As if the potential for cancer and mutation weren’t enough, Dr. vom Saal states in one of his studies that “prenatal exposure to very low doses of BPA increases the rate of postnatal growth in mice and rats.” In other words, BPA made rodents fat. Their insulin output surged wildly and then crashed into a state of resistance—the virtual definition of diabetes. They produced bigger fat cells, and more of them. A recent scientific paper Dr. vom Saal coauthored contains this chilling sentence: “These findings suggest that developmental exposure to BPA is contributing to the obesity epidemic that has occurred during the last two decades in the developed world, associated with the dramatic increase in the amount of plastic being produced each year.” Given this, it is perhaps not entirely coincidental that America’s staggering rise in diabetes—a 735 percent increase since 1935—follows the same arc."

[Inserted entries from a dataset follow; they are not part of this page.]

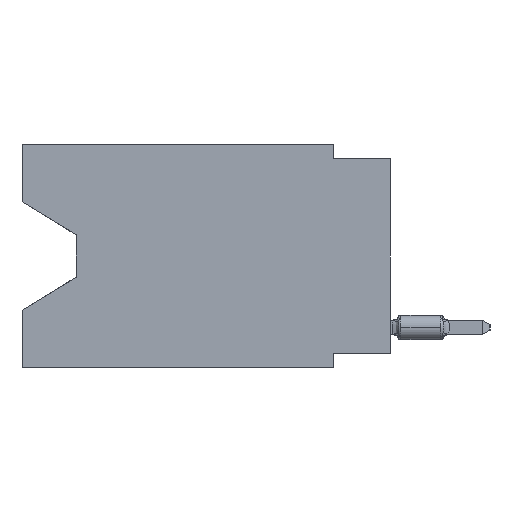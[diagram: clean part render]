
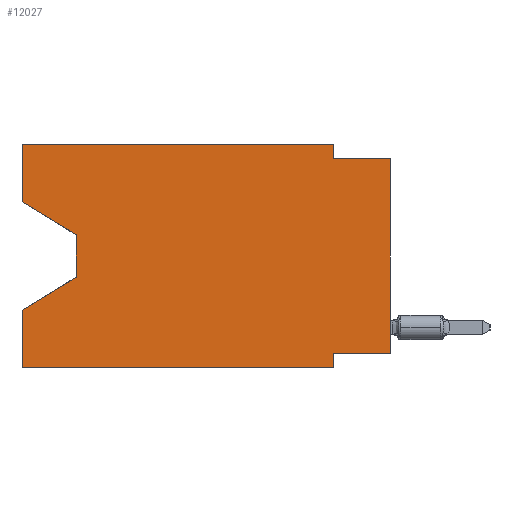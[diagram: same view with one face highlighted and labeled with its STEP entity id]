
A CAD part, left-side view. The second image highlights one B-rep face of the part: STEP entity #12027.
In plain terms, the highlighted planar face has unit normal (-1, 0, 0).
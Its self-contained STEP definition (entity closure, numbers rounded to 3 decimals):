
#24 = EDGE_CURVE ( 'NONE', #1278, #14343, #8043, .T. ) ;
#43 = CARTESIAN_POINT ( 'NONE',  ( 0., 13.97, -4.013 ) ) ;
#443 = ORIENTED_EDGE ( 'NONE', *, *, #35707, .T. ) ;
#449 = CARTESIAN_POINT ( 'NONE',  ( 0., 16.383, 0. ) ) ;
#1278 = VERTEX_POINT ( 'NONE', #25977 ) ;
#2198 = EDGE_CURVE ( 'NONE', #7456, #37600, #7278, .T. ) ;
#2207 = CARTESIAN_POINT ( 'NONE',  ( 0., 0., -0.635 ) ) ;
#2524 = EDGE_CURVE ( 'NONE', #11886, #22680, #27853, .T. ) ;
#3757 = LINE ( 'NONE', #13582, #19333 ) ;
#3829 = CARTESIAN_POINT ( 'NONE',  ( 0., 16.383, 0. ) ) ;
#4867 = LINE ( 'NONE', #16877, #7939 ) ;
#5204 = EDGE_CURVE ( 'NONE', #37988, #37600, #23819, .T. ) ;
#5759 = VECTOR ( 'NONE', #25154, 1000. ) ;
#5802 = ORIENTED_EDGE ( 'NONE', *, *, #24, .F. ) ;
#7278 = LINE ( 'NONE', #22023, #5759 ) ;
#7456 = VERTEX_POINT ( 'NONE', #24788 ) ;
#7939 = VECTOR ( 'NONE', #10017, 1000. ) ;
#8043 = LINE ( 'NONE', #32368, #18866 ) ;
#8679 = VERTEX_POINT ( 'NONE', #33979 ) ;
#8812 = LINE ( 'NONE', #21389, #20976 ) ;
#9081 = LINE ( 'NONE', #29108, #38575 ) ;
#9101 = LINE ( 'NONE', #24217, #18925 ) ;
#9214 = DIRECTION ( 'NONE',  ( 0., 0., -1. ) ) ;
#10017 = DIRECTION ( 'NONE',  ( 0., -0.855, -0.519 ) ) ;
#11312 = EDGE_CURVE ( 'NONE', #11886, #8679, #4867, .T. ) ;
#11886 = VERTEX_POINT ( 'NONE', #22898 ) ;
#12027 = ADVANCED_FACE ( 'NONE', ( #29937 ), #12666, .F. ) ;
#12666 = PLANE ( 'NONE',  #12703 ) ;
#12680 = CARTESIAN_POINT ( 'NONE',  ( 0., 2.54, -9.271 ) ) ;
#12703 = AXIS2_PLACEMENT_3D ( 'NONE', #449, #24246, #30527 ) ;
#13582 = CARTESIAN_POINT ( 'NONE',  ( 0., 0., -9.271 ) ) ;
#14343 = VERTEX_POINT ( 'NONE', #19339 ) ;
#14883 = VECTOR ( 'NONE', #36579, 1000. ) ;
#15309 = DIRECTION ( 'NONE',  ( 0., 0., 1. ) ) ;
#15353 = EDGE_LOOP ( 'NONE', ( #17076, #443, #38571, #5802, #32277, #36869, #23193, #25062, #33056, #28447, #30526, #15473 ) ) ;
#15473 = ORIENTED_EDGE ( 'NONE', *, *, #2524, .F. ) ;
#15837 = DIRECTION ( 'NONE',  ( 0., -1., 0. ) ) ;
#16877 = CARTESIAN_POINT ( 'NONE',  ( 0., 16.383, -2.546 ) ) ;
#17076 = ORIENTED_EDGE ( 'NONE', *, *, #11312, .T. ) ;
#18195 = VERTEX_POINT ( 'NONE', #12680 ) ;
#18658 = CARTESIAN_POINT ( 'NONE',  ( 0., 16.383, 0. ) ) ;
#18866 = VECTOR ( 'NONE', #20043, 1000. ) ;
#18925 = VECTOR ( 'NONE', #33028, 1000. ) ;
#19333 = VECTOR ( 'NONE', #31246, 1000. ) ;
#19339 = CARTESIAN_POINT ( 'NONE',  ( 0., 16.383, -7.36 ) ) ;
#19644 = VECTOR ( 'NONE', #15837, 1000. ) ;
#19868 = CARTESIAN_POINT ( 'NONE',  ( 0., 2.54, -0.635 ) ) ;
#20043 = DIRECTION ( 'NONE',  ( 0., 0., 1. ) ) ;
#20976 = VECTOR ( 'NONE', #9214, 1000. ) ;
#21363 = CARTESIAN_POINT ( 'NONE',  ( 0., 13.97, -5.893 ) ) ;
#21389 = CARTESIAN_POINT ( 'NONE',  ( 0., 2.54, 0. ) ) ;
#22023 = CARTESIAN_POINT ( 'NONE',  ( 0., 0., 0. ) ) ;
#22624 = EDGE_CURVE ( 'NONE', #22680, #35883, #31307, .T. ) ;
#22680 = VERTEX_POINT ( 'NONE', #31878 ) ;
#22898 = CARTESIAN_POINT ( 'NONE',  ( 0., 16.383, -2.546 ) ) ;
#23029 = CARTESIAN_POINT ( 'NONE',  ( 0., 2.54, 0. ) ) ;
#23193 = ORIENTED_EDGE ( 'NONE', *, *, #37741, .F. ) ;
#23819 = LINE ( 'NONE', #2207, #29844 ) ;
#24037 = DIRECTION ( 'NONE',  ( 0., 0., -1. ) ) ;
#24217 = CARTESIAN_POINT ( 'NONE',  ( 0., 13.97, -5.893 ) ) ;
#24246 = DIRECTION ( 'NONE',  ( 1., 0., 0. ) ) ;
#24788 = CARTESIAN_POINT ( 'NONE',  ( 0., 0., -9.271 ) ) ;
#25038 = LINE ( 'NONE', #36778, #14883 ) ;
#25062 = ORIENTED_EDGE ( 'NONE', *, *, #2198, .T. ) ;
#25154 = DIRECTION ( 'NONE',  ( 0., 0., 1. ) ) ;
#25977 = CARTESIAN_POINT ( 'NONE',  ( 0., 16.383, -9.906 ) ) ;
#26968 = LINE ( 'NONE', #43, #29199 ) ;
#27542 = EDGE_CURVE ( 'NONE', #18195, #31358, #9081, .T. ) ;
#27853 = LINE ( 'NONE', #18658, #37751 ) ;
#28447 = ORIENTED_EDGE ( 'NONE', *, *, #33686, .F. ) ;
#28996 = VERTEX_POINT ( 'NONE', #21363 ) ;
#29108 = CARTESIAN_POINT ( 'NONE',  ( 0., 2.54, -9.906 ) ) ;
#29120 = DIRECTION ( 'NONE',  ( 0., -1., 0. ) ) ;
#29199 = VECTOR ( 'NONE', #24037, 1000. ) ;
#29477 = DIRECTION ( 'NONE',  ( 0., 0., -1. ) ) ;
#29500 = EDGE_CURVE ( 'NONE', #1278, #31358, #25038, .T. ) ;
#29844 = VECTOR ( 'NONE', #29120, 1000. ) ;
#29937 = FACE_OUTER_BOUND ( 'NONE', #15353, .T. ) ;
#30046 = CARTESIAN_POINT ( 'NONE',  ( 0., 2.54, -9.906 ) ) ;
#30526 = ORIENTED_EDGE ( 'NONE', *, *, #22624, .F. ) ;
#30527 = DIRECTION ( 'NONE',  ( 0., 0., -1. ) ) ;
#31246 = DIRECTION ( 'NONE',  ( 0., 1., 0. ) ) ;
#31307 = LINE ( 'NONE', #3829, #19644 ) ;
#31358 = VERTEX_POINT ( 'NONE', #30046 ) ;
#31878 = CARTESIAN_POINT ( 'NONE',  ( 0., 16.383, 0. ) ) ;
#32277 = ORIENTED_EDGE ( 'NONE', *, *, #29500, .T. ) ;
#32368 = CARTESIAN_POINT ( 'NONE',  ( 0., 16.383, 0. ) ) ;
#32826 = EDGE_CURVE ( 'NONE', #28996, #14343, #9101, .T. ) ;
#33028 = DIRECTION ( 'NONE',  ( 0., 0.855, -0.519 ) ) ;
#33056 = ORIENTED_EDGE ( 'NONE', *, *, #5204, .F. ) ;
#33686 = EDGE_CURVE ( 'NONE', #35883, #37988, #8812, .T. ) ;
#33979 = CARTESIAN_POINT ( 'NONE',  ( 0., 13.97, -4.013 ) ) ;
#34962 = CARTESIAN_POINT ( 'NONE',  ( 0., 0., -0.635 ) ) ;
#35707 = EDGE_CURVE ( 'NONE', #8679, #28996, #26968, .T. ) ;
#35883 = VERTEX_POINT ( 'NONE', #23029 ) ;
#36579 = DIRECTION ( 'NONE',  ( 0., -1., 0. ) ) ;
#36778 = CARTESIAN_POINT ( 'NONE',  ( 0., 16.383, -9.906 ) ) ;
#36869 = ORIENTED_EDGE ( 'NONE', *, *, #27542, .F. ) ;
#37600 = VERTEX_POINT ( 'NONE', #34962 ) ;
#37741 = EDGE_CURVE ( 'NONE', #7456, #18195, #3757, .T. ) ;
#37751 = VECTOR ( 'NONE', #15309, 1000. ) ;
#37988 = VERTEX_POINT ( 'NONE', #19868 ) ;
#38571 = ORIENTED_EDGE ( 'NONE', *, *, #32826, .T. ) ;
#38575 = VECTOR ( 'NONE', #29477, 1000. ) ;
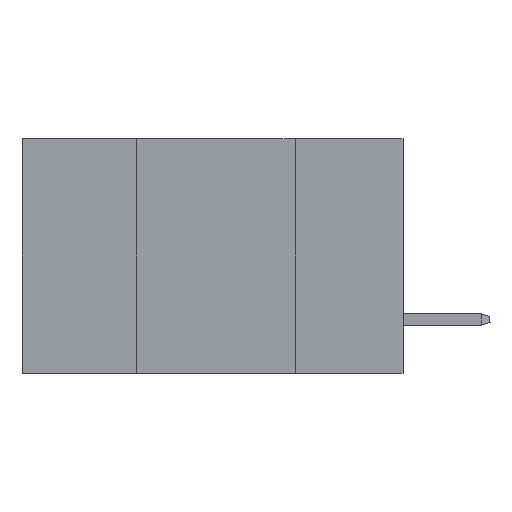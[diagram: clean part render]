
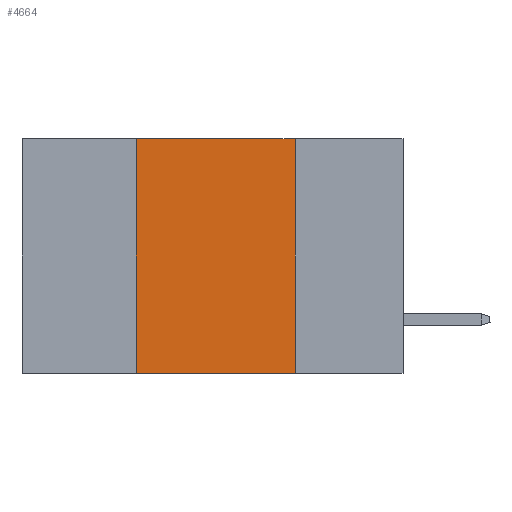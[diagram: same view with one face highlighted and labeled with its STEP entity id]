
A CAD part, left-side view. The second image highlights one B-rep face of the part: STEP entity #4664.
In plain terms, the highlighted planar face has unit normal (-1, 0, 0).
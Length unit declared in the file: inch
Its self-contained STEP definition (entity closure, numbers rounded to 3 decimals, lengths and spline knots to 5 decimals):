
#591 = EDGE_CURVE ( 'NONE', #5619, #13302, #5777, .T. ) ;
#851 = DIRECTION ( 'NONE',  ( 0., -1., 0. ) ) ;
#1011 = PLANE ( 'NONE',  #3982 ) ;
#2172 = ORIENTED_EDGE ( 'NONE', *, *, #9060, .T. ) ;
#2193 = LINE ( 'NONE', #9405, #13636 ) ;
#2597 = DIRECTION ( 'NONE',  ( 1., 0., 0. ) ) ;
#2925 = EDGE_CURVE ( 'NONE', #12554, #19131, #2193, .T. ) ;
#3693 = FACE_OUTER_BOUND ( 'NONE', #7517, .T. ) ;
#3859 = CARTESIAN_POINT ( 'NONE',  ( 0., 0.42, 0. ) ) ;
#3982 = AXIS2_PLACEMENT_3D ( 'NONE', #19049, #2597, #7214 ) ;
#3990 = CARTESIAN_POINT ( 'NONE',  ( 0., 0.6, 0. ) ) ;
#4664 = ADVANCED_FACE ( 'NONE', ( #3693 ), #1011, .F. ) ;
#4967 = VECTOR ( 'NONE', #5074, 39.37008 ) ;
#4978 = DIRECTION ( 'NONE',  ( 0., 0., -1. ) ) ;
#5074 = DIRECTION ( 'NONE',  ( 0., -1., 0. ) ) ;
#5619 = VERTEX_POINT ( 'NONE', #17702 ) ;
#5777 = LINE ( 'NONE', #17621, #18516 ) ;
#6543 = CARTESIAN_POINT ( 'NONE',  ( 0., 0.17, 0. ) ) ;
#6741 = LINE ( 'NONE', #3990, #4967 ) ;
#7214 = DIRECTION ( 'NONE',  ( 0., 0., -1. ) ) ;
#7517 = EDGE_LOOP ( 'NONE', ( #18300, #8379, #11636, #2172 ) ) ;
#8336 = CARTESIAN_POINT ( 'NONE',  ( 0., 0.6, -0.37 ) ) ;
#8379 = ORIENTED_EDGE ( 'NONE', *, *, #17562, .F. ) ;
#8771 = VECTOR ( 'NONE', #851, 39.37008 ) ;
#9060 = EDGE_CURVE ( 'NONE', #5619, #19131, #9837, .T. ) ;
#9405 = CARTESIAN_POINT ( 'NONE',  ( 0., 0.17, 0. ) ) ;
#9837 = LINE ( 'NONE', #8336, #8771 ) ;
#10132 = DIRECTION ( 'NONE',  ( 0., 0., 1. ) ) ;
#11636 = ORIENTED_EDGE ( 'NONE', *, *, #591, .F. ) ;
#12554 = VERTEX_POINT ( 'NONE', #6543 ) ;
#13302 = VERTEX_POINT ( 'NONE', #3859 ) ;
#13636 = VECTOR ( 'NONE', #4978, 39.37008 ) ;
#17562 = EDGE_CURVE ( 'NONE', #13302, #12554, #6741, .T. ) ;
#17621 = CARTESIAN_POINT ( 'NONE',  ( 0., 0.42, 0. ) ) ;
#17702 = CARTESIAN_POINT ( 'NONE',  ( 0., 0.42, -0.37 ) ) ;
#18300 = ORIENTED_EDGE ( 'NONE', *, *, #2925, .F. ) ;
#18516 = VECTOR ( 'NONE', #10132, 39.37008 ) ;
#19049 = CARTESIAN_POINT ( 'NONE',  ( 0., 0.6, 0. ) ) ;
#19081 = CARTESIAN_POINT ( 'NONE',  ( 0., 0.17, -0.37 ) ) ;
#19131 = VERTEX_POINT ( 'NONE', #19081 ) ;
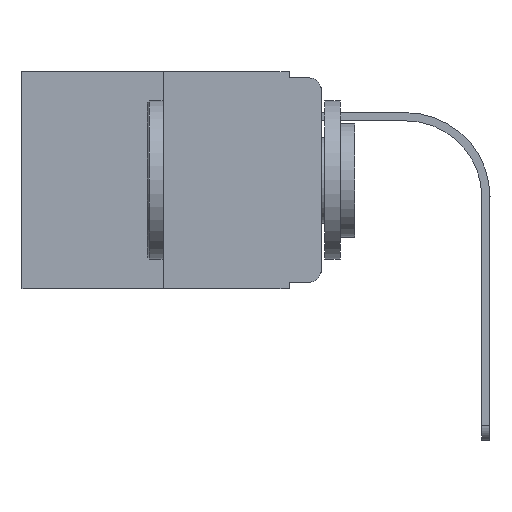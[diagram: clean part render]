
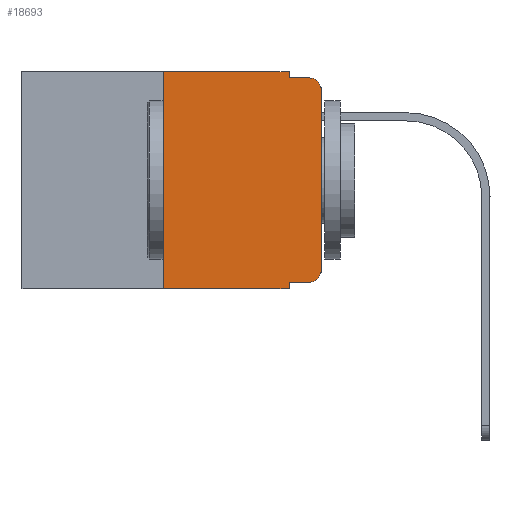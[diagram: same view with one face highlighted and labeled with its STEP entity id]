
A CAD part, left-side view. The second image highlights one B-rep face of the part: STEP entity #18693.
In plain terms, the highlighted planar face has unit normal (-1, 0, 0).
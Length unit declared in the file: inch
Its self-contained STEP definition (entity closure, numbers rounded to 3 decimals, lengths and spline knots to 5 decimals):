
#57 = VERTEX_POINT ( 'NONE', #10062 ) ;
#528 = EDGE_CURVE ( 'NONE', #10285, #57, #9372, .T. ) ;
#588 = EDGE_CURVE ( 'NONE', #12101, #3805, #8058, .T. ) ;
#653 = VECTOR ( 'NONE', #6429, 39.37008 ) ;
#717 = LINE ( 'NONE', #12093, #13861 ) ;
#1313 = VECTOR ( 'NONE', #15706, 39.37008 ) ;
#1444 = CARTESIAN_POINT ( 'NONE',  ( 0., 0., -0.313 ) ) ;
#1450 = VERTEX_POINT ( 'NONE', #3226 ) ;
#1643 = CIRCLE ( 'NONE', #3160, 0.02 ) ;
#2080 = ORIENTED_EDGE ( 'NONE', *, *, #16043, .T. ) ;
#2093 = LINE ( 'NONE', #16359, #5826 ) ;
#2130 = ORIENTED_EDGE ( 'NONE', *, *, #5522, .F. ) ;
#2184 = VERTEX_POINT ( 'NONE', #11350 ) ;
#2434 = CARTESIAN_POINT ( 'NONE',  ( 0., 0.473, 0. ) ) ;
#2712 = VERTEX_POINT ( 'NONE', #1444 ) ;
#3160 = AXIS2_PLACEMENT_3D ( 'NONE', #16896, #12632, #18413 ) ;
#3226 = CARTESIAN_POINT ( 'NONE',  ( 0., 0.02, -0.333 ) ) ;
#3655 = EDGE_LOOP ( 'NONE', ( #2080, #16228, #5728, #12264, #14430, #18335, #14111, #2130, #13313, #3892 ) ) ;
#3719 = LINE ( 'NONE', #11114, #7054 ) ;
#3746 = CARTESIAN_POINT ( 'NONE',  ( 0., 0.25, -0.343 ) ) ;
#3805 = VERTEX_POINT ( 'NONE', #5193 ) ;
#3892 = ORIENTED_EDGE ( 'NONE', *, *, #6685, .T. ) ;
#4762 = VERTEX_POINT ( 'NONE', #11195 ) ;
#5181 = CARTESIAN_POINT ( 'NONE',  ( 0., 0.051, 0. ) ) ;
#5193 = CARTESIAN_POINT ( 'NONE',  ( 0., 0.051, -0.01 ) ) ;
#5325 = CARTESIAN_POINT ( 'NONE',  ( 0., 0.02, -0.01 ) ) ;
#5522 = EDGE_CURVE ( 'NONE', #2184, #57, #5820, .T. ) ;
#5705 = DIRECTION ( 'NONE',  ( 0., -1., 0. ) ) ;
#5728 = ORIENTED_EDGE ( 'NONE', *, *, #12760, .F. ) ;
#5804 = CARTESIAN_POINT ( 'NONE',  ( 0., 0.473, -0.343 ) ) ;
#5820 = LINE ( 'NONE', #10137, #9030 ) ;
#5826 = VECTOR ( 'NONE', #7679, 39.37008 ) ;
#5967 = VERTEX_POINT ( 'NONE', #7301 ) ;
#6429 = DIRECTION ( 'NONE',  ( 0., 0., -1. ) ) ;
#6452 = VECTOR ( 'NONE', #5705, 39.37008 ) ;
#6685 = EDGE_CURVE ( 'NONE', #1450, #2712, #1643, .T. ) ;
#6789 = AXIS2_PLACEMENT_3D ( 'NONE', #8386, #9822, #16862 ) ;
#6862 = PLANE ( 'NONE',  #10873 ) ;
#7054 = VECTOR ( 'NONE', #7844, 39.37008 ) ;
#7301 = CARTESIAN_POINT ( 'NONE',  ( 0., 0., -0.03 ) ) ;
#7679 = DIRECTION ( 'NONE',  ( 0., 0., 1. ) ) ;
#7700 = VECTOR ( 'NONE', #14898, 39.37008 ) ;
#7844 = DIRECTION ( 'NONE',  ( 0., -1., 0. ) ) ;
#8058 = LINE ( 'NONE', #5181, #653 ) ;
#8386 = CARTESIAN_POINT ( 'NONE',  ( 0., 0.02, -0.03 ) ) ;
#9030 = VECTOR ( 'NONE', #18584, 39.37008 ) ;
#9372 = LINE ( 'NONE', #5804, #6452 ) ;
#9822 = DIRECTION ( 'NONE',  ( -1., 0., 0. ) ) ;
#10062 = CARTESIAN_POINT ( 'NONE',  ( 0., 0.051, -0.343 ) ) ;
#10137 = CARTESIAN_POINT ( 'NONE',  ( 0., 0.051, 0. ) ) ;
#10285 = VERTEX_POINT ( 'NONE', #3746 ) ;
#10480 = EDGE_CURVE ( 'NONE', #4762, #12101, #12941, .T. ) ;
#10578 = DIRECTION ( 'NONE',  ( 0., 0., 1. ) ) ;
#10873 = AXIS2_PLACEMENT_3D ( 'NONE', #2434, #12884, #18657 ) ;
#11078 = FACE_OUTER_BOUND ( 'NONE', #3655, .T. ) ;
#11114 = CARTESIAN_POINT ( 'NONE',  ( 0., 0.051, -0.333 ) ) ;
#11195 = CARTESIAN_POINT ( 'NONE',  ( 0., 0.25, 0. ) ) ;
#11350 = CARTESIAN_POINT ( 'NONE',  ( 0., 0.051, -0.333 ) ) ;
#11970 = CIRCLE ( 'NONE', #6789, 0.02 ) ;
#12093 = CARTESIAN_POINT ( 'NONE',  ( 0., 0.25, 0. ) ) ;
#12101 = VERTEX_POINT ( 'NONE', #14462 ) ;
#12264 = ORIENTED_EDGE ( 'NONE', *, *, #588, .F. ) ;
#12632 = DIRECTION ( 'NONE',  ( -1., 0., 0. ) ) ;
#12760 = EDGE_CURVE ( 'NONE', #3805, #13954, #14707, .T. ) ;
#12884 = DIRECTION ( 'NONE',  ( 1., 0., 0. ) ) ;
#12941 = LINE ( 'NONE', #14648, #1313 ) ;
#13313 = ORIENTED_EDGE ( 'NONE', *, *, #13626, .T. ) ;
#13626 = EDGE_CURVE ( 'NONE', #2184, #1450, #3719, .T. ) ;
#13861 = VECTOR ( 'NONE', #10578, 39.37008 ) ;
#13902 = EDGE_CURVE ( 'NONE', #5967, #13954, #11970, .T. ) ;
#13954 = VERTEX_POINT ( 'NONE', #5325 ) ;
#14111 = ORIENTED_EDGE ( 'NONE', *, *, #528, .T. ) ;
#14190 = EDGE_CURVE ( 'NONE', #10285, #4762, #717, .T. ) ;
#14430 = ORIENTED_EDGE ( 'NONE', *, *, #10480, .F. ) ;
#14462 = CARTESIAN_POINT ( 'NONE',  ( 0., 0.051, 0. ) ) ;
#14648 = CARTESIAN_POINT ( 'NONE',  ( 0., 0.473, 0. ) ) ;
#14707 = LINE ( 'NONE', #16214, #7700 ) ;
#14898 = DIRECTION ( 'NONE',  ( 0., -1., 0. ) ) ;
#15706 = DIRECTION ( 'NONE',  ( 0., -1., 0. ) ) ;
#16043 = EDGE_CURVE ( 'NONE', #2712, #5967, #2093, .T. ) ;
#16214 = CARTESIAN_POINT ( 'NONE',  ( 0., 0.051, -0.01 ) ) ;
#16228 = ORIENTED_EDGE ( 'NONE', *, *, #13902, .T. ) ;
#16359 = CARTESIAN_POINT ( 'NONE',  ( 0., 0., 0. ) ) ;
#16862 = DIRECTION ( 'NONE',  ( 0., 0., -1. ) ) ;
#16896 = CARTESIAN_POINT ( 'NONE',  ( 0., 0.02, -0.313 ) ) ;
#18335 = ORIENTED_EDGE ( 'NONE', *, *, #14190, .F. ) ;
#18413 = DIRECTION ( 'NONE',  ( 0., 0., -1. ) ) ;
#18584 = DIRECTION ( 'NONE',  ( 0., 0., -1. ) ) ;
#18657 = DIRECTION ( 'NONE',  ( 0., 0., -1. ) ) ;
#18693 = ADVANCED_FACE ( 'NONE', ( #11078 ), #6862, .F. ) ;

enough said. CLICK HERE for the full article.

A Bumper Crop

So I went to REI today before work. mmmmm...REI. I picked up my order and did NOT let myself kill the extra 30 minutes I had by roaming around the women's section, so instead I let myself browse the dog section which was right by the checkout. And, to my surprise, I saw that REI carries Katie's Bumpers! What are Katie's Bumpers you ask, and why was I excited to find them? They are dog toys made from recycled fire hoses, and are tough, they float, and they are brightly colored and patterned so dogs can see them easily. I had bookmarked the website a month or two ago but didn't want to pay shipping, so I was glad to find them at REI and discounted. Score! I bought the one that has 3 squeakers in it, so hopefully Maggie will appreciate it.